Similar to S3, there is a concept of privacy, but it is not quite the same. In S3, there is a simple way of marking each item as public or private for both read and write. Google's approach seems to different. First, there is a distinction between an item and a snippet. Here is Google's definition:
: for the general public and provides a slightly shortened description
: a private customer-specific feed for customers to insert, update, delete, and query their own data. This feed requires authentication.
I find this pretty confusing, particularly because of the way privacy is defined, here is the definition:
You can control whether attributes are visible by specifying the XML attribute access="private".

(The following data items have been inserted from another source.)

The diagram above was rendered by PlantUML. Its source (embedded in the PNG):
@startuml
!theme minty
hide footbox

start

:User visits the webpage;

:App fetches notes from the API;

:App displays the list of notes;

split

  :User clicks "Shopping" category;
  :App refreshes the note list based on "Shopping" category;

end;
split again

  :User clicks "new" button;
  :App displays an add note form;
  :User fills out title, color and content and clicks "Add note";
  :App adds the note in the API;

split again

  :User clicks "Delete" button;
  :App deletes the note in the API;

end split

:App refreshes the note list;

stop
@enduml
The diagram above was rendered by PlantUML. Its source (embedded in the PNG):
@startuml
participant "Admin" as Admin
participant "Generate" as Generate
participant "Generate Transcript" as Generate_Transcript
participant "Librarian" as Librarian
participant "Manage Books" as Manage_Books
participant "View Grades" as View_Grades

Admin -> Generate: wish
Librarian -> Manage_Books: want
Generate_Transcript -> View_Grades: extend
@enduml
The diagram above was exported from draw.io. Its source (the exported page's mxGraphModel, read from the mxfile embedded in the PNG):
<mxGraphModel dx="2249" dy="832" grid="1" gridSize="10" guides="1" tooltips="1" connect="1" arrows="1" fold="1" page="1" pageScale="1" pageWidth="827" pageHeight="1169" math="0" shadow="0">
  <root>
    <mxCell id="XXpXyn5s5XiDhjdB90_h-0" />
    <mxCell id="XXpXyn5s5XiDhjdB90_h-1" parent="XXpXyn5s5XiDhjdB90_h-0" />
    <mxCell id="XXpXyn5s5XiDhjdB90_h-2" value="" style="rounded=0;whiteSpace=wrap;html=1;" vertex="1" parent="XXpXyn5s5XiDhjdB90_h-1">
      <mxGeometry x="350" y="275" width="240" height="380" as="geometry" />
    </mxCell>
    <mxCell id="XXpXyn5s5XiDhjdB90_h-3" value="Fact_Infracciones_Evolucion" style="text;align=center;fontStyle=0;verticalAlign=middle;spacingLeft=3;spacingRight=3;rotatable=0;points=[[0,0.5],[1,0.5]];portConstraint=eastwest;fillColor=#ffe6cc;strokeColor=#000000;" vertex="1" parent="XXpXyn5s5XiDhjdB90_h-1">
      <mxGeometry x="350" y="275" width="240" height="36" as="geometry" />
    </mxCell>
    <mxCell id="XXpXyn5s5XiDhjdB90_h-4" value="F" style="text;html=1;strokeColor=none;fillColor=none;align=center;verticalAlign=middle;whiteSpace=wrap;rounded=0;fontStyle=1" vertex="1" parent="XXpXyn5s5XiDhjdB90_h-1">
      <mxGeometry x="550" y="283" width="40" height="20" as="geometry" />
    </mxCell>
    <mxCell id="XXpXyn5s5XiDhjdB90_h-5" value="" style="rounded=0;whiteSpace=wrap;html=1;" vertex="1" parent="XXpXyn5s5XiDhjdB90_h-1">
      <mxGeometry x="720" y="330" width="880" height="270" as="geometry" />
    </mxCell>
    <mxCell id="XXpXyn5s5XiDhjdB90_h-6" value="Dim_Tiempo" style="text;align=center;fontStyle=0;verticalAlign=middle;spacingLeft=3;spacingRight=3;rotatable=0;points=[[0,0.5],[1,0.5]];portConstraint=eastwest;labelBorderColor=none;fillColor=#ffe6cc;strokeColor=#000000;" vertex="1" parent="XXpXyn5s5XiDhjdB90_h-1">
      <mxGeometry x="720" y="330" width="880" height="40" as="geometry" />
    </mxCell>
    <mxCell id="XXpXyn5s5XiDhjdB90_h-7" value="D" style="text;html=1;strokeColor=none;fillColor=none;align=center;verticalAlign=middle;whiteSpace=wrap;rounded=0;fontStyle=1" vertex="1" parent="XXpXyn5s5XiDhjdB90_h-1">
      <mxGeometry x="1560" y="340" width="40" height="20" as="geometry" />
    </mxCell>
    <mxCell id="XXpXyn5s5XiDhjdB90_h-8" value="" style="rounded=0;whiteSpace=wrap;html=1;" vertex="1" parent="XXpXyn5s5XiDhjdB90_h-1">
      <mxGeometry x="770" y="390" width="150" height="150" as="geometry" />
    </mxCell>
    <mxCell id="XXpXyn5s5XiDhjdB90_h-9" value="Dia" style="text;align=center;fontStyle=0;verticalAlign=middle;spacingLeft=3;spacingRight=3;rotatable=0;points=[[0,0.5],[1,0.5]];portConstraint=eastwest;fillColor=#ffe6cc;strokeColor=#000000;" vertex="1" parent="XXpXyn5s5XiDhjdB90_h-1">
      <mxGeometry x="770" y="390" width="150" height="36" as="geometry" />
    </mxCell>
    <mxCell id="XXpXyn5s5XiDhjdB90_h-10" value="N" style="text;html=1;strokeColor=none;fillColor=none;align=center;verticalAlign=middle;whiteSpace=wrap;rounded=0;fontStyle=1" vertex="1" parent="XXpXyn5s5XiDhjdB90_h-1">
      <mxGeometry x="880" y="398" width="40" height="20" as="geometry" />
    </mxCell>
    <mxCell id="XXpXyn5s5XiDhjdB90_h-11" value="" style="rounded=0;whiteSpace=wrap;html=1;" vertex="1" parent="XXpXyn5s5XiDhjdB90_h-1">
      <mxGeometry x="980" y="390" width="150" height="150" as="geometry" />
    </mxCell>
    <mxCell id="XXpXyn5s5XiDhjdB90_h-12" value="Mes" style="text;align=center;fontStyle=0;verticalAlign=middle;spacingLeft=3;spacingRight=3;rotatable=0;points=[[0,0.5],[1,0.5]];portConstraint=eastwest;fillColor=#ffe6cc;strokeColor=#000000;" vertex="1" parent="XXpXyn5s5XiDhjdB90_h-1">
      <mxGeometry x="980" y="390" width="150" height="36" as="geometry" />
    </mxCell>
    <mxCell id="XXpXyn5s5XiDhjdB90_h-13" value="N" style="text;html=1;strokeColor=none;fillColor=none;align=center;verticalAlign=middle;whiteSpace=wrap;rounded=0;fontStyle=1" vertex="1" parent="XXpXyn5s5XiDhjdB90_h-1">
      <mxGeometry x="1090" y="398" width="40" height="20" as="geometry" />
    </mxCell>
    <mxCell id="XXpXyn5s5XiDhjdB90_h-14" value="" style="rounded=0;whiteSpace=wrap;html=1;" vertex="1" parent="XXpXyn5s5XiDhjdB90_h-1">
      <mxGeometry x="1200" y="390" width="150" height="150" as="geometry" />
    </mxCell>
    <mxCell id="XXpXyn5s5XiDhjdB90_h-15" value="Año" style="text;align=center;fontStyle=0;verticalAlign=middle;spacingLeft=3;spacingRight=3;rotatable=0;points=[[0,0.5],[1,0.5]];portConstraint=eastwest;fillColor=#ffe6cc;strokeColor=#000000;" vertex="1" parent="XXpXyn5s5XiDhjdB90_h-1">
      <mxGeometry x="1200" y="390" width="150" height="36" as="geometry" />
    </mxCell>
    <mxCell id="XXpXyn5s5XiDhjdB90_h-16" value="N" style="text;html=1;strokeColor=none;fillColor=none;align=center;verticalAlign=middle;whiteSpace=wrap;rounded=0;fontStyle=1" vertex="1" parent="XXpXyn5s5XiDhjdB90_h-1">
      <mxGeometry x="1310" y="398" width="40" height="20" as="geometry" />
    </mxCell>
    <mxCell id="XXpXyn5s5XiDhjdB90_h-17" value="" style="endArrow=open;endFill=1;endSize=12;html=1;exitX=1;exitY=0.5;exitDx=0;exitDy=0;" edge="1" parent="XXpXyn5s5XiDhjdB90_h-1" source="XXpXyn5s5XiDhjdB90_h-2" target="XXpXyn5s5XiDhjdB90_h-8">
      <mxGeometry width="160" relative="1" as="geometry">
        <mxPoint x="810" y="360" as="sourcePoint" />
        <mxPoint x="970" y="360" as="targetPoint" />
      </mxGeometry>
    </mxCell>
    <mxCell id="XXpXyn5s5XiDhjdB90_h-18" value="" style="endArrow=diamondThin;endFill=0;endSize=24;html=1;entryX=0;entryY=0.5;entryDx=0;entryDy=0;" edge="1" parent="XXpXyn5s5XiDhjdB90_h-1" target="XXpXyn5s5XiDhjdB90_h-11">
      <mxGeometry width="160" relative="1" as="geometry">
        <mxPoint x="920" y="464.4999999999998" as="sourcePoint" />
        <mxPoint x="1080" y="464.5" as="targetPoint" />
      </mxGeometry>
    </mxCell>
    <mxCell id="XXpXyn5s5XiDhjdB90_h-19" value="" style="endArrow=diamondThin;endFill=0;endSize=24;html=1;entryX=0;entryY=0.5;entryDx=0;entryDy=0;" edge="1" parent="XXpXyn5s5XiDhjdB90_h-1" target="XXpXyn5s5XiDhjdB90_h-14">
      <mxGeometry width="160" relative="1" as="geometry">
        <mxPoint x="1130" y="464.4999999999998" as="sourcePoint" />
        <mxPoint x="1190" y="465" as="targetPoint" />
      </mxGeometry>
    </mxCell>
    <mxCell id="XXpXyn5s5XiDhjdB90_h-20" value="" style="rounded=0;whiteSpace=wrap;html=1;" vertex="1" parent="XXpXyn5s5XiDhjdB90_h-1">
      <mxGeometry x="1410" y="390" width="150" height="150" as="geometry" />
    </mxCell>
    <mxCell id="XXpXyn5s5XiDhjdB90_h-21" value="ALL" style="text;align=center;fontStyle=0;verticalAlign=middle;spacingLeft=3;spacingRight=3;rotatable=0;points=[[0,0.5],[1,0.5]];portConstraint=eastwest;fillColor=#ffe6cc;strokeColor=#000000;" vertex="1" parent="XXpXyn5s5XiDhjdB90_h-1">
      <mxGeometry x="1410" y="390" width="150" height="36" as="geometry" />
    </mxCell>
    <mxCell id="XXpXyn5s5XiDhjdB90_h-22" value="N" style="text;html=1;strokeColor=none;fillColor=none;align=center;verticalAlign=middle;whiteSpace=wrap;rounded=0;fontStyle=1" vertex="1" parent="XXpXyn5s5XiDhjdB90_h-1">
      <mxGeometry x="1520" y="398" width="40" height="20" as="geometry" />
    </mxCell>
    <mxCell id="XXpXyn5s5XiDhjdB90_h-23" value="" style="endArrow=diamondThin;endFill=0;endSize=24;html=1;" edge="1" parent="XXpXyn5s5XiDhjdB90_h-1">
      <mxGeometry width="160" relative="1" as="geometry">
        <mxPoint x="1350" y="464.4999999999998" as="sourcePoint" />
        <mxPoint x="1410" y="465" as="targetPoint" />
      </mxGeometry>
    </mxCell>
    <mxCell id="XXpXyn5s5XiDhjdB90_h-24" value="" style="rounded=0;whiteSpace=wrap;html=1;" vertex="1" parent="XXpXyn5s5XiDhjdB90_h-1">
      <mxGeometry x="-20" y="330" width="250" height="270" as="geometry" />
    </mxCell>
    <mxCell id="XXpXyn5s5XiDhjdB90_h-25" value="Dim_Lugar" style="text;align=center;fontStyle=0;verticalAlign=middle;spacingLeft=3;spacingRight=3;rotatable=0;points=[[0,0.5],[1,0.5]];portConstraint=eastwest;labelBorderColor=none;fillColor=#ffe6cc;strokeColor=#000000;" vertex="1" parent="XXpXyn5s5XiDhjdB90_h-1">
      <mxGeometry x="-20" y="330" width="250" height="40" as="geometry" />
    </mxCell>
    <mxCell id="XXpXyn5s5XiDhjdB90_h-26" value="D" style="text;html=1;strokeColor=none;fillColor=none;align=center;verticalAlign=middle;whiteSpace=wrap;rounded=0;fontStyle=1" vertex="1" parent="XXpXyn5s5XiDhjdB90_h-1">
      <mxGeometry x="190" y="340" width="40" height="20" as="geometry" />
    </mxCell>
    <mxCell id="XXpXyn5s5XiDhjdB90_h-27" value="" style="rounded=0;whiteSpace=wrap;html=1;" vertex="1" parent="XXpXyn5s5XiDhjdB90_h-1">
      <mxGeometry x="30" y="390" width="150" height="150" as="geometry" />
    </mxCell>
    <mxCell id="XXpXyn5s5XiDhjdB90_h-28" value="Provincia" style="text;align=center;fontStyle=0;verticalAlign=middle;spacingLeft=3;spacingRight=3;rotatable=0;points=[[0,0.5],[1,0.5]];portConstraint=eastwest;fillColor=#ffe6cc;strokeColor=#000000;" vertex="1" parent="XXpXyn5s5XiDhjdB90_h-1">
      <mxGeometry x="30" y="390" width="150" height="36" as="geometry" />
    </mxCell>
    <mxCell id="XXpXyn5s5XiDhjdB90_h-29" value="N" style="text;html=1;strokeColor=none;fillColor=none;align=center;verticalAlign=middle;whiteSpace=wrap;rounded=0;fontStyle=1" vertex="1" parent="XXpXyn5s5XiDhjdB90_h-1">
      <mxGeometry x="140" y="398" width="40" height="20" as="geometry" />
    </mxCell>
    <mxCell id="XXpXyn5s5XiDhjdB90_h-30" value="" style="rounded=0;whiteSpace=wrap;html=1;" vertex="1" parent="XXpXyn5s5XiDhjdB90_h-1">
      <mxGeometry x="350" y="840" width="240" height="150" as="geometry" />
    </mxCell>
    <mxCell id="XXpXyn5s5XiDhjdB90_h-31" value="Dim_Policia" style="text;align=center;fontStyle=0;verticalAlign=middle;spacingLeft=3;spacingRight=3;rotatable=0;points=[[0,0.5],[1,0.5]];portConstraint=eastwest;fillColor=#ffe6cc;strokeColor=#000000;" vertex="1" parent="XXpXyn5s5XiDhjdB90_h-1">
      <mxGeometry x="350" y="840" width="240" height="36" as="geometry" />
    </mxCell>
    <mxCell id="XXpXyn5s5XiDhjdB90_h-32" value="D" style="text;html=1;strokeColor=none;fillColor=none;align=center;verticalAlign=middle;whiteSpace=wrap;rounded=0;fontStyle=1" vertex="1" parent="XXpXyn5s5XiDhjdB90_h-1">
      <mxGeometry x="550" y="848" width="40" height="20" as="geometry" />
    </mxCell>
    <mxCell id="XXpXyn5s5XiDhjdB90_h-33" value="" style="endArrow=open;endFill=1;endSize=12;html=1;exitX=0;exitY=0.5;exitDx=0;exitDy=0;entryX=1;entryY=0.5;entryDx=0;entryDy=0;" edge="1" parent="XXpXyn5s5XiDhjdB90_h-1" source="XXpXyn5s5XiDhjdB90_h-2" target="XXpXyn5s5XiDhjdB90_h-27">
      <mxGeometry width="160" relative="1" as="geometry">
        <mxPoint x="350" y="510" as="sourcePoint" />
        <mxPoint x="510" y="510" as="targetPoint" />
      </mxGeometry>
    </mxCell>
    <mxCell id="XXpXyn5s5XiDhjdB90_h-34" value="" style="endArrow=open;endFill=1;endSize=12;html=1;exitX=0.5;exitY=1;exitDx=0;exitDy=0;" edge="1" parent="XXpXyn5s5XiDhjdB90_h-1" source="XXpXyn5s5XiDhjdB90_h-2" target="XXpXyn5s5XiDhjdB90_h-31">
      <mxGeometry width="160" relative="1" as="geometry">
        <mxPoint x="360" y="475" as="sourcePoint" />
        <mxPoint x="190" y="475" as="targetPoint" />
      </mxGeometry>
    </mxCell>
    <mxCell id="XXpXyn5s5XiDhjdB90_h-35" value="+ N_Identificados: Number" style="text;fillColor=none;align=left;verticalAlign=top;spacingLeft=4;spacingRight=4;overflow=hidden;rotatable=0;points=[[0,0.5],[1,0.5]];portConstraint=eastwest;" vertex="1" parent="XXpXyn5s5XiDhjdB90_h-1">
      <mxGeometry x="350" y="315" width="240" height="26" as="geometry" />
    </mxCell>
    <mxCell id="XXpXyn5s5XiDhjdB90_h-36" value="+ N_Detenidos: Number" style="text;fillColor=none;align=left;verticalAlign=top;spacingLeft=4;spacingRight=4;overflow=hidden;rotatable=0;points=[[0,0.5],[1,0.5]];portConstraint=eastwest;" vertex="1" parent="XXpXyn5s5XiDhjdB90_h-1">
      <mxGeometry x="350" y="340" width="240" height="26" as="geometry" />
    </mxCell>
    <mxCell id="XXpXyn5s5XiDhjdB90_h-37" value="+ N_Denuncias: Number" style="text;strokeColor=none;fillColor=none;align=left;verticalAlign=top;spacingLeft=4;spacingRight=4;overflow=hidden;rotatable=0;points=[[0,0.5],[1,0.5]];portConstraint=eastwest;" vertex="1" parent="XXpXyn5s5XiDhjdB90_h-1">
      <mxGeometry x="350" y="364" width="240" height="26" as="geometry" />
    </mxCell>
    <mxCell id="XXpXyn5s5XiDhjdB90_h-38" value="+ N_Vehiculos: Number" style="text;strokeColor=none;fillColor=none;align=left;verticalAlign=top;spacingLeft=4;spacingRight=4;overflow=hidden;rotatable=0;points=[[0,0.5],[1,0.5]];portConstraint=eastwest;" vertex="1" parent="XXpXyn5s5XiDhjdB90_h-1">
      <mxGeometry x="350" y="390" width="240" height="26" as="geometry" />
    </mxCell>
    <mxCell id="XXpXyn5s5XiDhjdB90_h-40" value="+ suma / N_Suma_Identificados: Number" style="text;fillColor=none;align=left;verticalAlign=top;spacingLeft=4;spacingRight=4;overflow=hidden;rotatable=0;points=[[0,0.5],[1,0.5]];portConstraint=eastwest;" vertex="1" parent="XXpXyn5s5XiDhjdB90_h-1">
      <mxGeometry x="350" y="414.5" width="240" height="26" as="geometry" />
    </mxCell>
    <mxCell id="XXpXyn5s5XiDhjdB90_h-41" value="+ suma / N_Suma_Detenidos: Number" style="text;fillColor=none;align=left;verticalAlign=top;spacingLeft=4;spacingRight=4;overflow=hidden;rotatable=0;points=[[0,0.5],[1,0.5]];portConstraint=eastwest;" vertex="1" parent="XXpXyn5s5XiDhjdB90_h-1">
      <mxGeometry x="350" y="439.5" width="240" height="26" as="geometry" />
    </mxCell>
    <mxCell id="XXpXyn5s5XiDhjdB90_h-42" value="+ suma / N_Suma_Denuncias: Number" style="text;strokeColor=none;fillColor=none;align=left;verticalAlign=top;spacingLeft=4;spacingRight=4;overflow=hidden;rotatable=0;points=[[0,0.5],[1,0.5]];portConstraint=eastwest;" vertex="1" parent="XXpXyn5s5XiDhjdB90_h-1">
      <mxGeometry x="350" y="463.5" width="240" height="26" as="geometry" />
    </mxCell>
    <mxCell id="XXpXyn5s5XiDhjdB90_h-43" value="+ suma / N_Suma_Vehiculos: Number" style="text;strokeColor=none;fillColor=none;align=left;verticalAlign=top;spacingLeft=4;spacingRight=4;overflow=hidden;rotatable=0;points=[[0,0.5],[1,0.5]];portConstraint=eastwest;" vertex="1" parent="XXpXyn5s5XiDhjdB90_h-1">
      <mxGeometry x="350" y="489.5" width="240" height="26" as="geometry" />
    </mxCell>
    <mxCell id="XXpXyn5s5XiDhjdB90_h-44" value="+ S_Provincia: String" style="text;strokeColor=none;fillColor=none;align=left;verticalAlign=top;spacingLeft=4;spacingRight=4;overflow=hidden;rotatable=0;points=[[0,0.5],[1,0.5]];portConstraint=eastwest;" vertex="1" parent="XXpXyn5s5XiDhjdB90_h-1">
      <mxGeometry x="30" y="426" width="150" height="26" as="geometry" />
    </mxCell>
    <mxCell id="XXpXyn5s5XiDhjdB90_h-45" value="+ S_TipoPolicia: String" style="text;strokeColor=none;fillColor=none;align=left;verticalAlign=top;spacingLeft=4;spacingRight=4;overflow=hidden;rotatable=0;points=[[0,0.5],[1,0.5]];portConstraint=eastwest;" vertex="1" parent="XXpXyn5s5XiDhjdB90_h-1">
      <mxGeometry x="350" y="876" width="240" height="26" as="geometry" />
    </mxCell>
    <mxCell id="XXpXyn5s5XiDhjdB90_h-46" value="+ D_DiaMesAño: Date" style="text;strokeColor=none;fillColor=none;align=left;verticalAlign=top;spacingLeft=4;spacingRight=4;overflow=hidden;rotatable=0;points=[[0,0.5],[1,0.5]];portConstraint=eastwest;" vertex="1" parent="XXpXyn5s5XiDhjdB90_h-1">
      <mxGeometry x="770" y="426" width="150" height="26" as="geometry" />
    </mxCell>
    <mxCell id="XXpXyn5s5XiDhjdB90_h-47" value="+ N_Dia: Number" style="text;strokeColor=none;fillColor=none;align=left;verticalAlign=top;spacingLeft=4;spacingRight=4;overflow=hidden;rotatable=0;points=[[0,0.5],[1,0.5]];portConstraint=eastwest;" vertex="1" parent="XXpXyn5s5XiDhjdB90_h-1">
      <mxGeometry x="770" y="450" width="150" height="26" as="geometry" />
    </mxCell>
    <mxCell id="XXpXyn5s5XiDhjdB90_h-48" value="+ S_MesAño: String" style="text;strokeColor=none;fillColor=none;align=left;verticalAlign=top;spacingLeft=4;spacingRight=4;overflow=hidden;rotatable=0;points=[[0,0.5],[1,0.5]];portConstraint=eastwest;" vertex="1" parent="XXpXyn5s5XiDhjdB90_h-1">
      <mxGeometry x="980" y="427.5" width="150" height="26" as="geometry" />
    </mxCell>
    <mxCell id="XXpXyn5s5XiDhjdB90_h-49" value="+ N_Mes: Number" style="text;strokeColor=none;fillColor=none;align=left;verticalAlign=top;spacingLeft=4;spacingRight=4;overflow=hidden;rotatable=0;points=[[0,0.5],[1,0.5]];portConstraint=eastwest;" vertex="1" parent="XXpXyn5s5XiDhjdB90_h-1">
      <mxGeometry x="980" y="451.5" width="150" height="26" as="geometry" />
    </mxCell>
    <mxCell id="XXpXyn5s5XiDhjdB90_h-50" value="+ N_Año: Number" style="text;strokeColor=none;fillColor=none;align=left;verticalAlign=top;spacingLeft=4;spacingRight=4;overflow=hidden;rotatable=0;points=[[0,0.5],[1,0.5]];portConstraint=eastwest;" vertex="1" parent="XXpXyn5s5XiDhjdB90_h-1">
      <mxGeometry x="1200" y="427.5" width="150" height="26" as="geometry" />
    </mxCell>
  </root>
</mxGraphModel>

So it sounds like you can not make entire entry private? Also, does this apply to both snippet and item attributes? It is not apparent to me from the provided description.
What about performance?
Thats a good question that needs to be answered soon. The performance benchmarks on these services would be very valuable addition to the feature-by-feature comparison and so we hope to see them in the near future.
So with this cat out of the bag, we can do a few predictions. First, we will soon be seeing Google UI in many Google products, particularly Google reader, that is going to render these extended RSS feeds in the nice way. They will probably look something like bluemarks
that we developed at adaptiveblue
. The big difference is that we had to embed the display information in a form of fairly verbose chunk of HTML. Google will enjoy the luxury of styling these feeds using elegant, client-side stylesheets.
Another likely thing is that Google is going to promote this new format, and will work on other products and services to embrace it. I'd like to hear how this plays with microformats and generic HTML pages, because having more different formats for capturing semantics is not taking us any closer to semantic web.
Finally, we can bet on seeing more of these sort of services, probably from Microsoft, maybe from Yahoo! and definitely from small startups that are going to jump in with innovation and twists. Different approaches and APIs are likely to create a public debate on the topic.
The debate, competition and creativity are great for us, developers. We get to enjoy the fight, but more importantly to jump in and to voice our opinions and concerns. Not only we get to use these technologies, we also get a chance to impact how these technologies evolve. This is very important, and we should not miss the opportunity. I am sure these companies are willing to listen, and are looking for your feedback, so drop them a line.